My hunger impulses are out of whack. I don't feel particularly hungry at all, ever. But I always feel like I could eat. After eating a good meal I don't really feel full. Is this me or the drug?
So I try not to eat except at meals, knowing I can just keep eating mindlessly if I don't police myself. Then sometimes I start to feel lightheaded. Is this from hunger or is it another side effect?
I feel tired and forgetful. Often I'm not sure what I should be doing, but I feel I should be doing something. I have trouble with word recall and sometimes when faced with a complex problem my brain simply freezes up and throws a Blue Screen of Death. But, uh, welcome to being Sara. I've been this way for as long as I can remember. Is this me or the drug?
Sometimes I feel happy, like REALLY happy, for no goddamn reason. Less often I feel inexplicably sad. Me or the drug?

I could go on.

For years, my doctors placed my well being squarely in my hands. At the time there was no drug for Fibromyalgia. I was on my own. Eat right, sleep enough and on a regular schedule, and exercise enough (but not too much) and you will feel all right, they said.

Now, as a result, whenever I feel shitty I immediately want to blame myself. If I hadn't slept in 30 minutes, I'd feel okay. If I had exercised yesterday I'd have more energy. If I hadn't waited to eat breakfast I wouldn't have a headache.

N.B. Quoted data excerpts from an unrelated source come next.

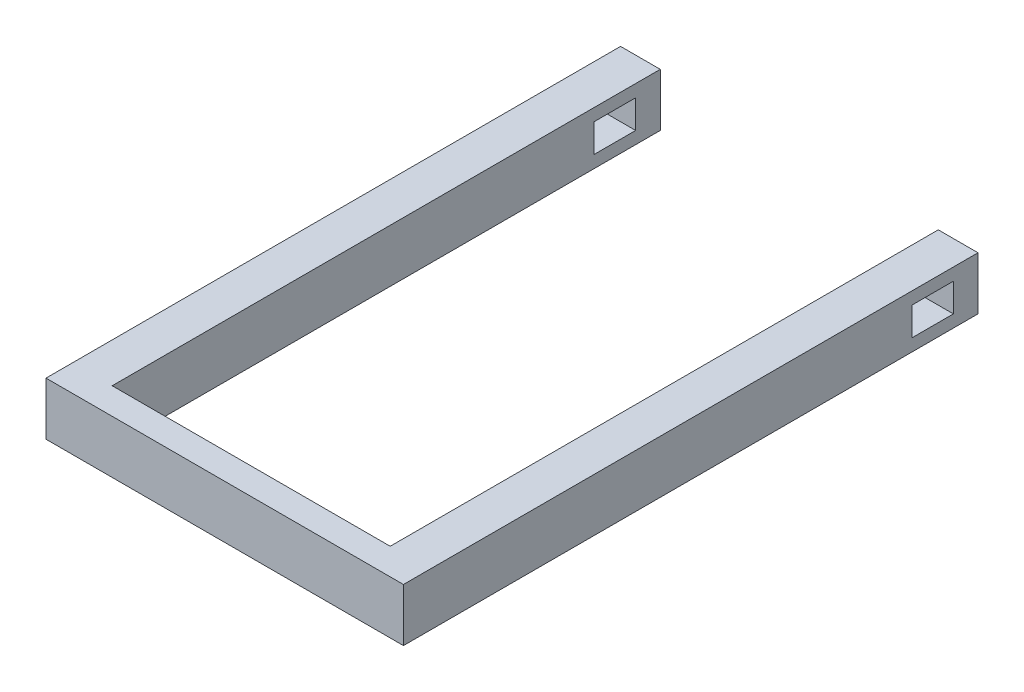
ISO-10303-21;
HEADER;
FILE_DESCRIPTION(('STEP AP214'),'2;1');
FILE_NAME('part.step','',(''),(''),'','','');
FILE_SCHEMA(('AUTOMOTIVE_DESIGN { 1 0 10303 214 1 1 1 1 }'));
ENDSEC;
DATA;
#1=APPLICATION_CONTEXT('core data for automotive mechanical design processes');
#2=APPLICATION_PROTOCOL_DEFINITION('international standard','automotive_design',2000,#1);
#3=PRODUCT_CONTEXT('',#1,'mechanical');
#4=PRODUCT('Part','Part','',(#3));
#5=PRODUCT_RELATED_PRODUCT_CATEGORY('part','',(#4));
#6=PRODUCT_DEFINITION_FORMATION('','',#4);
#7=PRODUCT_DEFINITION_CONTEXT('part definition',#1,'design');
#8=PRODUCT_DEFINITION('design','',#6,#7);
#9=PRODUCT_DEFINITION_SHAPE('','',#8);
#10=(LENGTH_UNIT() NAMED_UNIT(*) SI_UNIT(.MILLI.,.METRE.));
#11=(NAMED_UNIT(*) PLANE_ANGLE_UNIT() SI_UNIT($,.RADIAN.));
#12=(NAMED_UNIT(*) SI_UNIT($,.STERADIAN.) SOLID_ANGLE_UNIT());
#13=UNCERTAINTY_MEASURE_WITH_UNIT(LENGTH_MEASURE(1.E-05),#10,'distance_accuracy_value','');
#14=(GEOMETRIC_REPRESENTATION_CONTEXT(3) GLOBAL_UNCERTAINTY_ASSIGNED_CONTEXT((#13)) GLOBAL_UNIT_ASSIGNED_CONTEXT((#10,
#11,#12)) REPRESENTATION_CONTEXT('',''));
#15=CARTESIAN_POINT('',(0.,0.,0.));
#16=DIRECTION('',(0.,0.,1.));
#17=DIRECTION('',(1.,0.,0.));
#18=AXIS2_PLACEMENT_3D('',#15,#16,#17);
#19=CARTESIAN_POINT('',(-10.5,4.,-43.4));
#20=DIRECTION('',(0.,0.,1.));
#21=DIRECTION('',(1.,0.,0.));
#22=AXIS2_PLACEMENT_3D('',#19,#20,#21);
#23=PLANE('',#22);
#24=DIRECTION('',(-1.,0.,0.));
#25=VECTOR('',#24,1.);
#26=CARTESIAN_POINT('',(-10.5,0.,-43.4));
#27=LINE('',#26,#25);
#28=CARTESIAN_POINT('',(-10.5,0.,-43.4));
#29=VERTEX_POINT('',#28);
#30=CARTESIAN_POINT('',(-13.5,0.,-43.4));
#31=VERTEX_POINT('',#30);
#32=EDGE_CURVE('E232',#29,#31,#27,.T.);
#33=ORIENTED_EDGE('',*,*,#32,.T.);
#34=DIRECTION('',(0.,-1.,0.));
#35=VECTOR('',#34,1.);
#36=CARTESIAN_POINT('',(-13.5,4.,-43.4));
#37=LINE('',#36,#35);
#38=CARTESIAN_POINT('',(-13.5,4.,-43.4));
#39=VERTEX_POINT('',#38);
#40=EDGE_CURVE('E310',#39,#31,#37,.T.);
#41=ORIENTED_EDGE('',*,*,#40,.F.);
#42=DIRECTION('',(-1.,0.,0.));
#43=VECTOR('',#42,1.);
#44=CARTESIAN_POINT('',(-10.5,4.,-43.4));
#45=LINE('',#44,#43);
#46=CARTESIAN_POINT('',(-10.5,4.,-43.4));
#47=VERTEX_POINT('',#46);
#48=EDGE_CURVE('E233',#47,#39,#45,.T.);
#49=ORIENTED_EDGE('',*,*,#48,.F.);
#50=DIRECTION('',(0.,-1.,0.));
#51=VECTOR('',#50,1.);
#52=CARTESIAN_POINT('',(-10.5,4.,-43.4));
#53=LINE('',#52,#51);
#54=EDGE_CURVE('E259',#47,#29,#53,.T.);
#55=ORIENTED_EDGE('',*,*,#54,.T.);
#56=EDGE_LOOP('',(#33,#41,#49,#55));
#57=FACE_BOUND('',#56,.T.);
#58=ADVANCED_FACE('F45',(#57),#23,.F.);
#59=CARTESIAN_POINT('',(-13.5,4.,-43.4));
#60=DIRECTION('',(1.,0.,0.));
#61=DIRECTION('',(0.,0.,-1.));
#62=AXIS2_PLACEMENT_3D('',#59,#60,#61);
#63=PLANE('',#62);
#64=DIRECTION('',(0.,0.,1.));
#65=VECTOR('',#64,1.);
#66=CARTESIAN_POINT('',(-13.5,3.07,-38.4));
#67=LINE('',#66,#65);
#68=CARTESIAN_POINT('',(-13.5,3.07,-41.54));
#69=VERTEX_POINT('',#68);
#70=CARTESIAN_POINT('',(-13.5,3.07,-38.4));
#71=VERTEX_POINT('',#70);
#72=EDGE_CURVE('E183',#69,#71,#67,.T.);
#73=ORIENTED_EDGE('',*,*,#72,.T.);
#74=DIRECTION('',(0.,-1.,0.));
#75=VECTOR('',#74,1.);
#76=CARTESIAN_POINT('',(-13.5,3.07,-38.4));
#77=LINE('',#76,#75);
#78=CARTESIAN_POINT('',(-13.5,0.929999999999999,-38.4));
#79=VERTEX_POINT('',#78);
#80=EDGE_CURVE('E165',#71,#79,#77,.T.);
#81=ORIENTED_EDGE('',*,*,#80,.T.);
#82=DIRECTION('',(0.,0.,-1.));
#83=VECTOR('',#82,1.);
#84=CARTESIAN_POINT('',(-13.5,0.929999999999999,-38.4));
#85=LINE('',#84,#83);
#86=CARTESIAN_POINT('',(-13.5,0.93,-41.54));
#87=VERTEX_POINT('',#86);
#88=EDGE_CURVE('E174',#79,#87,#85,.T.);
#89=ORIENTED_EDGE('',*,*,#88,.T.);
#90=DIRECTION('',(0.,1.,0.));
#91=VECTOR('',#90,1.);
#92=CARTESIAN_POINT('',(-13.5,3.07,-41.54));
#93=LINE('',#92,#91);
#94=EDGE_CURVE('E60',#87,#69,#93,.T.);
#95=ORIENTED_EDGE('',*,*,#94,.T.);
#96=EDGE_LOOP('',(#73,#81,#89,#95));
#97=FACE_BOUND('',#96,.T.);
#98=DIRECTION('',(0.,0.,1.));
#99=VECTOR('',#98,1.);
#100=CARTESIAN_POINT('',(-13.5,0.,-43.4));
#101=LINE('',#100,#99);
#102=CARTESIAN_POINT('',(-13.5,0.,0.));
#103=VERTEX_POINT('',#102);
#104=EDGE_CURVE('E263',#31,#103,#101,.T.);
#105=ORIENTED_EDGE('',*,*,#104,.T.);
#106=DIRECTION('',(0.,-1.,0.));
#107=VECTOR('',#106,1.);
#108=CARTESIAN_POINT('',(-13.5,4.,0.));
#109=LINE('',#108,#107);
#110=CARTESIAN_POINT('',(-13.5,4.,0.));
#111=VERTEX_POINT('',#110);
#112=EDGE_CURVE('E306',#111,#103,#109,.T.);
#113=ORIENTED_EDGE('',*,*,#112,.F.);
#114=DIRECTION('',(0.,0.,1.));
#115=VECTOR('',#114,1.);
#116=CARTESIAN_POINT('',(-13.5,4.,-43.4));
#117=LINE('',#116,#115);
#118=EDGE_CURVE('E237',#39,#111,#117,.T.);
#119=ORIENTED_EDGE('',*,*,#118,.F.);
#120=ORIENTED_EDGE('',*,*,#40,.T.);
#121=EDGE_LOOP('',(#105,#113,#119,#120));
#122=FACE_BOUND('',#121,.T.);
#123=ADVANCED_FACE('F180',(#97,#122),#63,.F.);
#124=CARTESIAN_POINT('',(-13.5,4.,0.));
#125=DIRECTION('',(0.,0.,-1.));
#126=DIRECTION('',(-1.,0.,0.));
#127=AXIS2_PLACEMENT_3D('',#124,#125,#126);
#128=PLANE('',#127);
#129=DIRECTION('',(1.,0.,0.));
#130=VECTOR('',#129,1.);
#131=CARTESIAN_POINT('',(-13.5,0.,0.));
#132=LINE('',#131,#130);
#133=CARTESIAN_POINT('',(13.5,0.,0.));
#134=VERTEX_POINT('',#133);
#135=EDGE_CURVE('E266',#103,#134,#132,.T.);
#136=ORIENTED_EDGE('',*,*,#135,.T.);
#137=DIRECTION('',(0.,-1.,0.));
#138=VECTOR('',#137,1.);
#139=CARTESIAN_POINT('',(13.5,4.,0.));
#140=LINE('',#139,#138);
#141=CARTESIAN_POINT('',(13.5,4.,0.));
#142=VERTEX_POINT('',#141);
#143=EDGE_CURVE('E302',#142,#134,#140,.T.);
#144=ORIENTED_EDGE('',*,*,#143,.F.);
#145=DIRECTION('',(1.,0.,0.));
#146=VECTOR('',#145,1.);
#147=CARTESIAN_POINT('',(-13.5,4.,0.));
#148=LINE('',#147,#146);
#149=EDGE_CURVE('E241',#111,#142,#148,.T.);
#150=ORIENTED_EDGE('',*,*,#149,.F.);
#151=ORIENTED_EDGE('',*,*,#112,.T.);
#152=EDGE_LOOP('',(#136,#144,#150,#151));
#153=FACE_BOUND('',#152,.T.);
#154=ADVANCED_FACE('F348',(#153),#128,.F.);
#155=CARTESIAN_POINT('',(13.5,4.,0.));
#156=DIRECTION('',(-1.,0.,0.));
#157=DIRECTION('',(0.,0.,1.));
#158=AXIS2_PLACEMENT_3D('',#155,#156,#157);
#159=PLANE('',#158);
#160=DIRECTION('',(0.,0.,-1.));
#161=VECTOR('',#160,1.);
#162=CARTESIAN_POINT('',(13.5,0.929999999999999,-38.4));
#163=LINE('',#162,#161);
#164=CARTESIAN_POINT('',(13.5,0.93,-38.4));
#165=VERTEX_POINT('',#164);
#166=CARTESIAN_POINT('',(13.5,0.93,-41.54));
#167=VERTEX_POINT('',#166);
#168=EDGE_CURVE('E198',#165,#167,#163,.T.);
#169=ORIENTED_EDGE('',*,*,#168,.F.);
#170=DIRECTION('',(0.,-1.,0.));
#171=VECTOR('',#170,1.);
#172=CARTESIAN_POINT('',(13.5,3.07,-38.4));
#173=LINE('',#172,#171);
#174=CARTESIAN_POINT('',(13.5,3.07,-38.4));
#175=VERTEX_POINT('',#174);
#176=EDGE_CURVE('E68',#175,#165,#173,.T.);
#177=ORIENTED_EDGE('',*,*,#176,.F.);
#178=DIRECTION('',(0.,0.,1.));
#179=VECTOR('',#178,1.);
#180=CARTESIAN_POINT('',(13.5,3.07,-38.4));
#181=LINE('',#180,#179);
#182=CARTESIAN_POINT('',(13.5,3.07,-41.54));
#183=VERTEX_POINT('',#182);
#184=EDGE_CURVE('E185',#183,#175,#181,.T.);
#185=ORIENTED_EDGE('',*,*,#184,.F.);
#186=DIRECTION('',(0.,1.,0.));
#187=VECTOR('',#186,1.);
#188=CARTESIAN_POINT('',(13.5,3.07,-41.54));
#189=LINE('',#188,#187);
#190=EDGE_CURVE('E189',#167,#183,#189,.T.);
#191=ORIENTED_EDGE('',*,*,#190,.F.);
#192=EDGE_LOOP('',(#169,#177,#185,#191));
#193=FACE_BOUND('',#192,.T.);
#194=DIRECTION('',(0.,0.,-1.));
#195=VECTOR('',#194,1.);
#196=CARTESIAN_POINT('',(13.5,0.,0.));
#197=LINE('',#196,#195);
#198=CARTESIAN_POINT('',(13.5,0.,-43.4));
#199=VERTEX_POINT('',#198);
#200=EDGE_CURVE('E269',#134,#199,#197,.T.);
#201=ORIENTED_EDGE('',*,*,#200,.T.);
#202=DIRECTION('',(0.,-1.,0.));
#203=VECTOR('',#202,1.);
#204=CARTESIAN_POINT('',(13.5,4.,-43.4));
#205=LINE('',#204,#203);
#206=CARTESIAN_POINT('',(13.5,4.,-43.4));
#207=VERTEX_POINT('',#206);
#208=EDGE_CURVE('E298',#207,#199,#205,.T.);
#209=ORIENTED_EDGE('',*,*,#208,.F.);
#210=DIRECTION('',(0.,0.,-1.));
#211=VECTOR('',#210,1.);
#212=CARTESIAN_POINT('',(13.5,4.,0.));
#213=LINE('',#212,#211);
#214=EDGE_CURVE('E244',#142,#207,#213,.T.);
#215=ORIENTED_EDGE('',*,*,#214,.F.);
#216=ORIENTED_EDGE('',*,*,#143,.T.);
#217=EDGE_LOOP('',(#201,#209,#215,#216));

And now, experiencing these symptoms, I'm not sure what is at fault: me or the drug. I'm awfully confused. I want to believe that in the end the drug will help, because I want to believe there is a solution. Somewhere deep in my shriveled heart I still want to believe that I can feel well most of the time. Not because health itself is that appealing to me, but because I feel like my condition gets in the way of my dreams. Sometimes I let myself think about what I could be like if I just had some energy.

I don't want to sound maudlin. My bad days are really not so bad. I'm never going to die from this and it probably isn't going to get worse unless I let myself go. But hope opens you up to this odd feeling: the idea that in returning back to normal something has been lost.

Should I put up with the side effects and hold on to that hope or should I give up?